- [REQUIRED ACTION]: Search the records for the word "part" and report each line that has it.

-------- INPUT DATA

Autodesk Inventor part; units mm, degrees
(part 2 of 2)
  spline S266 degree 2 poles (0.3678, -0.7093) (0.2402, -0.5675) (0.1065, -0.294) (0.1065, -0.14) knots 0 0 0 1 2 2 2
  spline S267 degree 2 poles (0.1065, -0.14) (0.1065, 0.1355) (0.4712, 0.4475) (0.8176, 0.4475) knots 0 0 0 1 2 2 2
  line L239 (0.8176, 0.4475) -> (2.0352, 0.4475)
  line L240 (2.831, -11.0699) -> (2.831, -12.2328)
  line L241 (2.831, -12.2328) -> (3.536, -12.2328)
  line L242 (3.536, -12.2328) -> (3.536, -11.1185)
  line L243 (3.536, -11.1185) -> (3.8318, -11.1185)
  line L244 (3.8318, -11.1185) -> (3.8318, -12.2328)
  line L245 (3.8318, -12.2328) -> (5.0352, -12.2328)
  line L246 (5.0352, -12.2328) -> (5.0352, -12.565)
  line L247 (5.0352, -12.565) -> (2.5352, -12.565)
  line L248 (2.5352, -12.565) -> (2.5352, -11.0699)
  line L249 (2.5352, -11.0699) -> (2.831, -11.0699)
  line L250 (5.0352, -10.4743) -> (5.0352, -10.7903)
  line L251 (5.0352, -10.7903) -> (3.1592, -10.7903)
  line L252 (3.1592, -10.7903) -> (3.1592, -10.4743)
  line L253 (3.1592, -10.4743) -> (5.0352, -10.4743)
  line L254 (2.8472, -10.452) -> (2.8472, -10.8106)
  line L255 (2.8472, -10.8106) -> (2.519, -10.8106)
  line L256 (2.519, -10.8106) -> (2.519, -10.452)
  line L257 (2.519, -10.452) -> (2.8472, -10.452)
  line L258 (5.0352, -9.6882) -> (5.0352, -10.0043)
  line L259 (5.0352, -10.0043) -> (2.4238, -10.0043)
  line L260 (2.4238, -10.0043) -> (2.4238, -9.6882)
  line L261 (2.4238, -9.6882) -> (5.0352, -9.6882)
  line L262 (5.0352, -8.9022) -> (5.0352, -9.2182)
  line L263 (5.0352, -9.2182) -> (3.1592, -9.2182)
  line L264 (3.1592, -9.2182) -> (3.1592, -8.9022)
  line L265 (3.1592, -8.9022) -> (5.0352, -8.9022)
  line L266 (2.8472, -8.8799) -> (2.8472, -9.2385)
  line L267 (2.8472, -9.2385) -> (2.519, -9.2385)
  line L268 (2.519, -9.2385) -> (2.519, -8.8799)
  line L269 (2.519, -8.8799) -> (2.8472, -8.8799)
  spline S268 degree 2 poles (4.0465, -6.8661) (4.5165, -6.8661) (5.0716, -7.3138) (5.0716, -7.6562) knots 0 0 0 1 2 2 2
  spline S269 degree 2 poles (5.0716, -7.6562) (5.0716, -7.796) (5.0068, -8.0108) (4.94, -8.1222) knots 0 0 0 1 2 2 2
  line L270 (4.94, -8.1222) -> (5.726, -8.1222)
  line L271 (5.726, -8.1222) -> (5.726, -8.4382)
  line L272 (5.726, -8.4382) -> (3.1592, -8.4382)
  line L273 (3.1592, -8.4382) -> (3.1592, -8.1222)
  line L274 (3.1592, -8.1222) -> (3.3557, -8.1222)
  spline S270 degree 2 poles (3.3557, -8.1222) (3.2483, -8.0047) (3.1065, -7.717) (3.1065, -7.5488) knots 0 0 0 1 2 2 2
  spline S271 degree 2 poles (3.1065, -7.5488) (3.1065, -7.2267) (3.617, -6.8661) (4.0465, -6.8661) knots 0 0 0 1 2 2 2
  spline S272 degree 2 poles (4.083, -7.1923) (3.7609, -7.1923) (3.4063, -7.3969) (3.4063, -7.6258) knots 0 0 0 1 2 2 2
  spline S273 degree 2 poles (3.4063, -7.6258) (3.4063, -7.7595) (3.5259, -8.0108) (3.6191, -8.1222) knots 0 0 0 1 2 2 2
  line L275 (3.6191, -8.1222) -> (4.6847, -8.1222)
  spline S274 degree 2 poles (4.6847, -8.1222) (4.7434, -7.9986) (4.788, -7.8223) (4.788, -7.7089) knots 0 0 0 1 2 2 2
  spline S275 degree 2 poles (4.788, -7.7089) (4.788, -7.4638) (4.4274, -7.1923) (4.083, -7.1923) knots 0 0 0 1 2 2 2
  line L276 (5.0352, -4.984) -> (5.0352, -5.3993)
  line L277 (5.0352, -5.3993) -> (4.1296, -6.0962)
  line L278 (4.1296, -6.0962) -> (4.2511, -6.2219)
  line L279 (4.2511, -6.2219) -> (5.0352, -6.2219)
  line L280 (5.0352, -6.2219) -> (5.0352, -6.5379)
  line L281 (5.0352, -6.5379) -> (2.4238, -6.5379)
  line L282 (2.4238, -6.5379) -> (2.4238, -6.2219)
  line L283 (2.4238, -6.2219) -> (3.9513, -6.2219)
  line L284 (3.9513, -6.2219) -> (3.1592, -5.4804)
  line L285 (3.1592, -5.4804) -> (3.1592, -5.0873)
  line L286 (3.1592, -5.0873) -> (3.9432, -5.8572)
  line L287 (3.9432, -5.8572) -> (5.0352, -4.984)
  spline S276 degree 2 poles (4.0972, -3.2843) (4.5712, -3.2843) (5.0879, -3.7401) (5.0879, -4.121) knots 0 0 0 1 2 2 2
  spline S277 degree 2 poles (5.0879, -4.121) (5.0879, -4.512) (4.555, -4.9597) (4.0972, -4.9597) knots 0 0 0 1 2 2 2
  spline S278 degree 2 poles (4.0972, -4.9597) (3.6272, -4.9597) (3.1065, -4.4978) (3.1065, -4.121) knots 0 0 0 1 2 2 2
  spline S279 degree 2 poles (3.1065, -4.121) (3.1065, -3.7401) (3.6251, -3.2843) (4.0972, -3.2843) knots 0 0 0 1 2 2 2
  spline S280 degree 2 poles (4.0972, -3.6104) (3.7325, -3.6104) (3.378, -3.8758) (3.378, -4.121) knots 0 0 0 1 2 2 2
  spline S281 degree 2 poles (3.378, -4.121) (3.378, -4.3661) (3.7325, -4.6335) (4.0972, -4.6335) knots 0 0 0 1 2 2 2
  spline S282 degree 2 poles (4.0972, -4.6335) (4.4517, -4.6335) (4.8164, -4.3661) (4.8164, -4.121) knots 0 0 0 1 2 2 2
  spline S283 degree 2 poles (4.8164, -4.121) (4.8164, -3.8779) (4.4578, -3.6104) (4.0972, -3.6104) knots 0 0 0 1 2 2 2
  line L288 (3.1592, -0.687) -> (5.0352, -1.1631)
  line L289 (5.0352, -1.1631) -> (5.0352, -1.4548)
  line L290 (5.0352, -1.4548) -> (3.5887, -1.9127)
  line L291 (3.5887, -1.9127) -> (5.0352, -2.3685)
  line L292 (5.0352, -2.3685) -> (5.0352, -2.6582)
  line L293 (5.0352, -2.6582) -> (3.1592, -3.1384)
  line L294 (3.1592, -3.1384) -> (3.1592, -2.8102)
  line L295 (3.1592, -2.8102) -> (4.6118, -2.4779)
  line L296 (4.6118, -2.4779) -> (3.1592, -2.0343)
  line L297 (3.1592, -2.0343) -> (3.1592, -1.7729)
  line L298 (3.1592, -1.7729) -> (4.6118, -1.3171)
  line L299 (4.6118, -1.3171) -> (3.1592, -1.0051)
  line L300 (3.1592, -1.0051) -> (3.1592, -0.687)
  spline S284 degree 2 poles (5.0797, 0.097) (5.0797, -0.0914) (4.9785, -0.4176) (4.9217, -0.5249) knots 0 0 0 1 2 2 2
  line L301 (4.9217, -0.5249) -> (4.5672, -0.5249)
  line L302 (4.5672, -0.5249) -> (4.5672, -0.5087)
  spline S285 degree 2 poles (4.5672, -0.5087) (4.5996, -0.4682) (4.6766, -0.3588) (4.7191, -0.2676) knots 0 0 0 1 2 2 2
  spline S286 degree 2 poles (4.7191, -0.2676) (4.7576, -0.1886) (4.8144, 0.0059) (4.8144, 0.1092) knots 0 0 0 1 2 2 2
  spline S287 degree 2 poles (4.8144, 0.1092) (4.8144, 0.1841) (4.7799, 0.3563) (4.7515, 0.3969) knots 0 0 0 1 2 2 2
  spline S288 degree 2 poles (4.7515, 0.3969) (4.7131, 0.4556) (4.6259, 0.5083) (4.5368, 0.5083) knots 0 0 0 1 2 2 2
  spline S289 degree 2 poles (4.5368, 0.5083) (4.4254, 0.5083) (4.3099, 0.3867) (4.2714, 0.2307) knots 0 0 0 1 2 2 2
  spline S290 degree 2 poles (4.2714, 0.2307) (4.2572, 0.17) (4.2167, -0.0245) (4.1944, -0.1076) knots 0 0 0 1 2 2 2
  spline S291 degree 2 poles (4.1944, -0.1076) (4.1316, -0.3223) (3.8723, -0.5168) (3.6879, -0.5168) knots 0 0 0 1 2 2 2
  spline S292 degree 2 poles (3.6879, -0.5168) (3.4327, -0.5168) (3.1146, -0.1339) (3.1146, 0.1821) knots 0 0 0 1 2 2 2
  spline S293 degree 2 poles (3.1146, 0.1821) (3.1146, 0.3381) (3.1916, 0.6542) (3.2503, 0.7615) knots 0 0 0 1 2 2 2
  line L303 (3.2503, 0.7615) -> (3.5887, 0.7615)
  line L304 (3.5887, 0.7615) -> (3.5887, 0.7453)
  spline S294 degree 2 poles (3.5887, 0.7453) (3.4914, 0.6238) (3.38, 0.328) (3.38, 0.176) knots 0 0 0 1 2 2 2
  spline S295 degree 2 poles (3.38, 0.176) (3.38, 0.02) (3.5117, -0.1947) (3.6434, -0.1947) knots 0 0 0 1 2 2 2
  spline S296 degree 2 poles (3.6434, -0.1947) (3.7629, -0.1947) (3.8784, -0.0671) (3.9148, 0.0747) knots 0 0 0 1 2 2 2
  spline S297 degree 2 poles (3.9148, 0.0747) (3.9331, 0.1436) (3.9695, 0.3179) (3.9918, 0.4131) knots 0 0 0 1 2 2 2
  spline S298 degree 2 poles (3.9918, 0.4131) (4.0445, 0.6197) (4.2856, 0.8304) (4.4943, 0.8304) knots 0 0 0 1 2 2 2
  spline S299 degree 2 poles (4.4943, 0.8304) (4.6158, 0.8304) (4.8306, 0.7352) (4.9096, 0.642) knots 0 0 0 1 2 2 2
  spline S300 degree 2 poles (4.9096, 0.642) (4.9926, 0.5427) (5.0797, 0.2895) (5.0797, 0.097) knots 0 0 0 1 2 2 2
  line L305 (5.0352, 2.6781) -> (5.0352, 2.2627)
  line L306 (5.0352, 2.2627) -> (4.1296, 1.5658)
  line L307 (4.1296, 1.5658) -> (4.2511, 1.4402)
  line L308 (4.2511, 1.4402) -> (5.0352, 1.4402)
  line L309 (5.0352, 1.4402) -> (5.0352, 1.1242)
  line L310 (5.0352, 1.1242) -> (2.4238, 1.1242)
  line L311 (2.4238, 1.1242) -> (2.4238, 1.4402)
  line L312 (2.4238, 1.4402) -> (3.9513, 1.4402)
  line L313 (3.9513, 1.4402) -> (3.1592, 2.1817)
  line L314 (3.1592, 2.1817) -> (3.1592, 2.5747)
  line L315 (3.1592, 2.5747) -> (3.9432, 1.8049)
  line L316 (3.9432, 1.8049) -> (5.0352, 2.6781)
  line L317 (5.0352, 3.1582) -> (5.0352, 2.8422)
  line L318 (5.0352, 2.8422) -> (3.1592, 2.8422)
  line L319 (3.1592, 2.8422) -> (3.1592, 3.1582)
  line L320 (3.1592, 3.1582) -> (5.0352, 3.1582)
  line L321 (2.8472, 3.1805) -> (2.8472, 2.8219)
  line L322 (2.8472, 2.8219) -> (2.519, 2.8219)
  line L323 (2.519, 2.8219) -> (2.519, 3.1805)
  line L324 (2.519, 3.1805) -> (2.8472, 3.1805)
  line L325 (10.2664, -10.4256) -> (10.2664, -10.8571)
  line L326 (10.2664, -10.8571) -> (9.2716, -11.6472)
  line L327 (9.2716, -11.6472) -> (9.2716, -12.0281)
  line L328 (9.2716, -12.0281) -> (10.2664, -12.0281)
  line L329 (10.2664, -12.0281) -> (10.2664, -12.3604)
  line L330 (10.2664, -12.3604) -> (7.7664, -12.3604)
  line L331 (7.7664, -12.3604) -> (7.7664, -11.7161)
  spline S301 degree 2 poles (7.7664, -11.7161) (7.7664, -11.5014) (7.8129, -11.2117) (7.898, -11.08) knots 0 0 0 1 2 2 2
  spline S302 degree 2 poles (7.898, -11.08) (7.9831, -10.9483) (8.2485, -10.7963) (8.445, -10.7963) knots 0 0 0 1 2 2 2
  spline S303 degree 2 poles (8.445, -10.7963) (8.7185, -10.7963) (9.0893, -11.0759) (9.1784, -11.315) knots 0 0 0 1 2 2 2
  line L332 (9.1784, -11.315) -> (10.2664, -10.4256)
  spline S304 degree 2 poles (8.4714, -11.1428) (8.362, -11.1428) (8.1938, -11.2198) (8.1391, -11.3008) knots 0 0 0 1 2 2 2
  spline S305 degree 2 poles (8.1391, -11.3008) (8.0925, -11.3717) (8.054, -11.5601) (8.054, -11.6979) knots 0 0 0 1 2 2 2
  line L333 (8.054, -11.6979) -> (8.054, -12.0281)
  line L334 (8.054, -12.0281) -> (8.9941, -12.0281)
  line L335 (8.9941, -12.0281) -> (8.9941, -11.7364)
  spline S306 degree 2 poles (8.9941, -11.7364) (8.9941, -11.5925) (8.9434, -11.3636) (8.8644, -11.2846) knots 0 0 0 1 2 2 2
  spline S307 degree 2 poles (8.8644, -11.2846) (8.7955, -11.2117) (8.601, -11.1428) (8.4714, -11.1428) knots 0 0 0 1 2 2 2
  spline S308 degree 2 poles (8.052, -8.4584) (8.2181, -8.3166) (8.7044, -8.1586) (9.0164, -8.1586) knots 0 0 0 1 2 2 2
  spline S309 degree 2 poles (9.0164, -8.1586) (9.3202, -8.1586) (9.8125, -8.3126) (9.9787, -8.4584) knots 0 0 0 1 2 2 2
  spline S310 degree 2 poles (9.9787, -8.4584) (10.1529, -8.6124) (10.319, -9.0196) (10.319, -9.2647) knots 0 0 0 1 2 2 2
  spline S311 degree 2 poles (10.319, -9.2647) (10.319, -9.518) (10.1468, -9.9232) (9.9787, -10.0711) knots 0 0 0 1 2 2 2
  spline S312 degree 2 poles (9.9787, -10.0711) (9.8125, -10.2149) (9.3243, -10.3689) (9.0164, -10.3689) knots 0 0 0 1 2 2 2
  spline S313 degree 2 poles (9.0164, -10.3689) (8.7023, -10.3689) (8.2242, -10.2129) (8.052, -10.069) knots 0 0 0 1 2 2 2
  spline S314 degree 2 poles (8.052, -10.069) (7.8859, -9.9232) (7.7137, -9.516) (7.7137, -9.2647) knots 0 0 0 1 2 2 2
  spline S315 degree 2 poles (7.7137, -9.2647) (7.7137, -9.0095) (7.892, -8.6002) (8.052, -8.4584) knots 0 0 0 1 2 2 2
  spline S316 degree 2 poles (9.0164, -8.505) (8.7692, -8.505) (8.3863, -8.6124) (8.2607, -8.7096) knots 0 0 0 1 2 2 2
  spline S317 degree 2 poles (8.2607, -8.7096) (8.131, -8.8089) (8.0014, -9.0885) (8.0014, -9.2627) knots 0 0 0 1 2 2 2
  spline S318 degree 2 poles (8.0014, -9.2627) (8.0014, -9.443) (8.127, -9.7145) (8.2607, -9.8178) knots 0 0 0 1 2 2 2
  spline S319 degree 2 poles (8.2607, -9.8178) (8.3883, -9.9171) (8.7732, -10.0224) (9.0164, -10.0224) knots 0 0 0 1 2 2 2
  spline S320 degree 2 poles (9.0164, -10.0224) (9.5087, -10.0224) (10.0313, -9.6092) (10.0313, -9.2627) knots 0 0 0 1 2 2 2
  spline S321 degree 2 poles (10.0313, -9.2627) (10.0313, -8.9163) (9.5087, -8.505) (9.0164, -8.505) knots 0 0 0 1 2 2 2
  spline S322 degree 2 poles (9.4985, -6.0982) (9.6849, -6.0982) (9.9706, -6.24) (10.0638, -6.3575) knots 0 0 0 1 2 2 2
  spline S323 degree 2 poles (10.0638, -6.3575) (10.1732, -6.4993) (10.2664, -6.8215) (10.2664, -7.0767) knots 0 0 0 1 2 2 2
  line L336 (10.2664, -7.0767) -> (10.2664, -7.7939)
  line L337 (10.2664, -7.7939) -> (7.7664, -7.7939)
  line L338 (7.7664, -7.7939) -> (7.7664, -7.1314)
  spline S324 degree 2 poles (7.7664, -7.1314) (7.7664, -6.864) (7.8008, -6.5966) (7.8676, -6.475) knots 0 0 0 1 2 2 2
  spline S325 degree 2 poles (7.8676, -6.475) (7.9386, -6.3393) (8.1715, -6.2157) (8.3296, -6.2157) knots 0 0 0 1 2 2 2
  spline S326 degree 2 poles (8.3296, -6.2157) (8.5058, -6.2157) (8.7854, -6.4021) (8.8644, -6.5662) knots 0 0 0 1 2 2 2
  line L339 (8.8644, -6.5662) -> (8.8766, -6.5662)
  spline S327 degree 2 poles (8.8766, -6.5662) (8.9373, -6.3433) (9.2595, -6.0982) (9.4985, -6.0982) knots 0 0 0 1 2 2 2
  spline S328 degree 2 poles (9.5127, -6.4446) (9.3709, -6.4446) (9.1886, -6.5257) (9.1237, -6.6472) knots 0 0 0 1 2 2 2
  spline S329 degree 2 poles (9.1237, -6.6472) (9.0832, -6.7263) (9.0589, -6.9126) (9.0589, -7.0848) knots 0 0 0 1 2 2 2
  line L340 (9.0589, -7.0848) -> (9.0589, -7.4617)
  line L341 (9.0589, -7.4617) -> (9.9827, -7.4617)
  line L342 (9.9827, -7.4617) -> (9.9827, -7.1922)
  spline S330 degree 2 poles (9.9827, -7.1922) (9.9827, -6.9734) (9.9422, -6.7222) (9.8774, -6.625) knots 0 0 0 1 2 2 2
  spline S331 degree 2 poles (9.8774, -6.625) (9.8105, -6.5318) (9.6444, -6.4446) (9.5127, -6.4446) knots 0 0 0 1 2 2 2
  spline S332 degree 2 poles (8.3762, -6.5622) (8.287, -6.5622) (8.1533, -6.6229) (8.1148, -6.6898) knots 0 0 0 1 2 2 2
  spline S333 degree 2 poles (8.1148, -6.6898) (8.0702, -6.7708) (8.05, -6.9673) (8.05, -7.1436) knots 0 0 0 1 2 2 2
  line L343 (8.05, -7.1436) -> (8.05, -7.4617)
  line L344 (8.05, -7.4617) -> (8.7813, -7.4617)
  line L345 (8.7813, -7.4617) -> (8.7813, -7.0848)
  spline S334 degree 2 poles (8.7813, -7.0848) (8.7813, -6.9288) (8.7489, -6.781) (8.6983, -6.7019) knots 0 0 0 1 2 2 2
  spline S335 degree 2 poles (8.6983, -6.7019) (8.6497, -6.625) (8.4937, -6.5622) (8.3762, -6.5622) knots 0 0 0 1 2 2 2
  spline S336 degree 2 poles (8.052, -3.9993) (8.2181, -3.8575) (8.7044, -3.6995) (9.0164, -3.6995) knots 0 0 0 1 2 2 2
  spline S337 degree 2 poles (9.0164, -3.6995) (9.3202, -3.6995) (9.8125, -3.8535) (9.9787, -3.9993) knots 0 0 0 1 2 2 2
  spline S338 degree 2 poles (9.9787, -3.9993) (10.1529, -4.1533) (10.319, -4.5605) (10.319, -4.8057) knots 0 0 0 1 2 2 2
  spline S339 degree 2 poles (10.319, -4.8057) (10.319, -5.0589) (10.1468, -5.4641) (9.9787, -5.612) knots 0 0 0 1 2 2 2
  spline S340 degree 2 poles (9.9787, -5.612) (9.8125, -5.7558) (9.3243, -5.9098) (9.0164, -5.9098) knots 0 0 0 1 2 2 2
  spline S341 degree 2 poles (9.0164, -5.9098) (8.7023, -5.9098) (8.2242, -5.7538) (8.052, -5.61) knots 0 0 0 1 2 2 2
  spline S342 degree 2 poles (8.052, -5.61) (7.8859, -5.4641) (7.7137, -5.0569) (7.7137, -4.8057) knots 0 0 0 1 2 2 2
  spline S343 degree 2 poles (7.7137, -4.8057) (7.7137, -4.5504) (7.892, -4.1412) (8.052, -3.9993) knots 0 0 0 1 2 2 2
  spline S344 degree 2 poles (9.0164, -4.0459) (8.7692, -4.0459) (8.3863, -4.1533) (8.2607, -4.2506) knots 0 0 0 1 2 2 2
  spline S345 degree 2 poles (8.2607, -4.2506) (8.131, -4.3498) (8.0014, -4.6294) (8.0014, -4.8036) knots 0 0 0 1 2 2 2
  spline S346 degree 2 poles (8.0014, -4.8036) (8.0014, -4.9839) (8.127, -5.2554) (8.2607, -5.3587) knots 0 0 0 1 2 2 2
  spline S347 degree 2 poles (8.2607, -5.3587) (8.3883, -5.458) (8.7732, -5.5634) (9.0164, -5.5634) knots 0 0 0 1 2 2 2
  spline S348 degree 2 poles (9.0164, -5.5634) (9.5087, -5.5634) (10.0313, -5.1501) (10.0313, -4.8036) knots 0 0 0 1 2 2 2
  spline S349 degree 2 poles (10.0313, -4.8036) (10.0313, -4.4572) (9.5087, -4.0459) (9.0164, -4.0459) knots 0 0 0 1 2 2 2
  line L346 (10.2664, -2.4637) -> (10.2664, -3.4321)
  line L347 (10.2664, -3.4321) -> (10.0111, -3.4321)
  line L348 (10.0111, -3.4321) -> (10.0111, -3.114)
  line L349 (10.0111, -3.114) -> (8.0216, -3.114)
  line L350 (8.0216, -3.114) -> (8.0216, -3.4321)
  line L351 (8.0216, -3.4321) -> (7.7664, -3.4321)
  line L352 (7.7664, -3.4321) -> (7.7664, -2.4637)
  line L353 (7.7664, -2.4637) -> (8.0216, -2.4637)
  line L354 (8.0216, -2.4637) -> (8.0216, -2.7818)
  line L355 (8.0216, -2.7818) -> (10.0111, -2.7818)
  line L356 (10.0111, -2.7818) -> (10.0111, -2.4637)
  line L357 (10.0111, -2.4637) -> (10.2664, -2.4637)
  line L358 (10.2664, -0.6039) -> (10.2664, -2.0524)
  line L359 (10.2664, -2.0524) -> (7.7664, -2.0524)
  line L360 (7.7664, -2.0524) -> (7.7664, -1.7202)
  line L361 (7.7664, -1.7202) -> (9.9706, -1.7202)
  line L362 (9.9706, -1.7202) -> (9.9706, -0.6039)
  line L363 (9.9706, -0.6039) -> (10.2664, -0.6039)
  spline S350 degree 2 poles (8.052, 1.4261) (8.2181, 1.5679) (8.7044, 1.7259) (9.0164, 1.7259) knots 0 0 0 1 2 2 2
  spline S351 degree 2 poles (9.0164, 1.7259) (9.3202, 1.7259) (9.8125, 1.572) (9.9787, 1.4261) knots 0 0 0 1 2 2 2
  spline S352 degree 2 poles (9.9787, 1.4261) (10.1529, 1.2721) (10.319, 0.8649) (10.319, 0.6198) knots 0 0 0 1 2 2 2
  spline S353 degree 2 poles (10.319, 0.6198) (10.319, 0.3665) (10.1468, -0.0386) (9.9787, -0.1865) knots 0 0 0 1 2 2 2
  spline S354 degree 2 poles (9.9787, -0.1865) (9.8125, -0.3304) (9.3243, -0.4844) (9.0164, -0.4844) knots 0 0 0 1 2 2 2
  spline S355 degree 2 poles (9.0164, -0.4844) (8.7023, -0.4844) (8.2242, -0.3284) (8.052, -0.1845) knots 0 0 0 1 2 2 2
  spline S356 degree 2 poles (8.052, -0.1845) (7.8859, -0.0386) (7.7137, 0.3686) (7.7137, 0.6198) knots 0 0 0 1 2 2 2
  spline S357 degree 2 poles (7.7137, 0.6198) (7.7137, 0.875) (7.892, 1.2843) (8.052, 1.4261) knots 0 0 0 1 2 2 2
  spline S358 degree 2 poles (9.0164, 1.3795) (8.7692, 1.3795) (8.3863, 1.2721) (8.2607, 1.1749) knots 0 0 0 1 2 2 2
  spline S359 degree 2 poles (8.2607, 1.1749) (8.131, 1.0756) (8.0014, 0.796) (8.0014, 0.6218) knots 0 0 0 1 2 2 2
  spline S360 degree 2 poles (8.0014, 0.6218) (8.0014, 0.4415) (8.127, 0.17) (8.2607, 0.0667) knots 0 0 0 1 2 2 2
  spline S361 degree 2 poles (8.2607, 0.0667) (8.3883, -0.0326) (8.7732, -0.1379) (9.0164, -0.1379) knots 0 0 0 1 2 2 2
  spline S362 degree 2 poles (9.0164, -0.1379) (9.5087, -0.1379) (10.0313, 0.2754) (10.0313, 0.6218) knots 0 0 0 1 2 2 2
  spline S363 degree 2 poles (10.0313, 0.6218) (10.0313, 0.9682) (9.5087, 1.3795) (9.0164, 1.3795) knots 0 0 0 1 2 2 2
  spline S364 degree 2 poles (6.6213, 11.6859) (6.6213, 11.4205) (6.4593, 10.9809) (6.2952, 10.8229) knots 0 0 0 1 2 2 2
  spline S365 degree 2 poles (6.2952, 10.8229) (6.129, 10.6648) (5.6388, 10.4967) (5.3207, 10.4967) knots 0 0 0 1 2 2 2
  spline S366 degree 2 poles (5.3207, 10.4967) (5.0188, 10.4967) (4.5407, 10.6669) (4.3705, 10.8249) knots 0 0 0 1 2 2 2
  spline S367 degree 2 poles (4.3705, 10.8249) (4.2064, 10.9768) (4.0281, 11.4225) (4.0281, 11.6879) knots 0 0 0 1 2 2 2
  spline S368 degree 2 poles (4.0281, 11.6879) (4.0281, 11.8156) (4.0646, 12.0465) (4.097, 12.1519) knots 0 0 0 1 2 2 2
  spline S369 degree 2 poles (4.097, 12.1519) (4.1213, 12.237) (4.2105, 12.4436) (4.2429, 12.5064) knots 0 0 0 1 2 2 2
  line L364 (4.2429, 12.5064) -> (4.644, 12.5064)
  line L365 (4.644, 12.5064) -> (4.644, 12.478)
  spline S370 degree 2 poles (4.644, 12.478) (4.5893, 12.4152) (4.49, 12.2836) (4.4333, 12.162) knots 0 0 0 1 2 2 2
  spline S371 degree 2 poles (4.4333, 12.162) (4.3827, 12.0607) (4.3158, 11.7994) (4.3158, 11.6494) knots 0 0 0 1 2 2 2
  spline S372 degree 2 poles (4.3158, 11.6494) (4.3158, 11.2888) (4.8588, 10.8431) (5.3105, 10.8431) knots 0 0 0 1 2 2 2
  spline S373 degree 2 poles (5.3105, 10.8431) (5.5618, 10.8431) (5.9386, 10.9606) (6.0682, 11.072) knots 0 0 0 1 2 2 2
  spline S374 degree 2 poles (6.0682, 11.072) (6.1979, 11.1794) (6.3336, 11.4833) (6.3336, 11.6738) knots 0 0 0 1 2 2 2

----------------

- [EXPECTED ANSWER]:
Autodesk Inventor part; units mm, degrees
(part 2 of 2)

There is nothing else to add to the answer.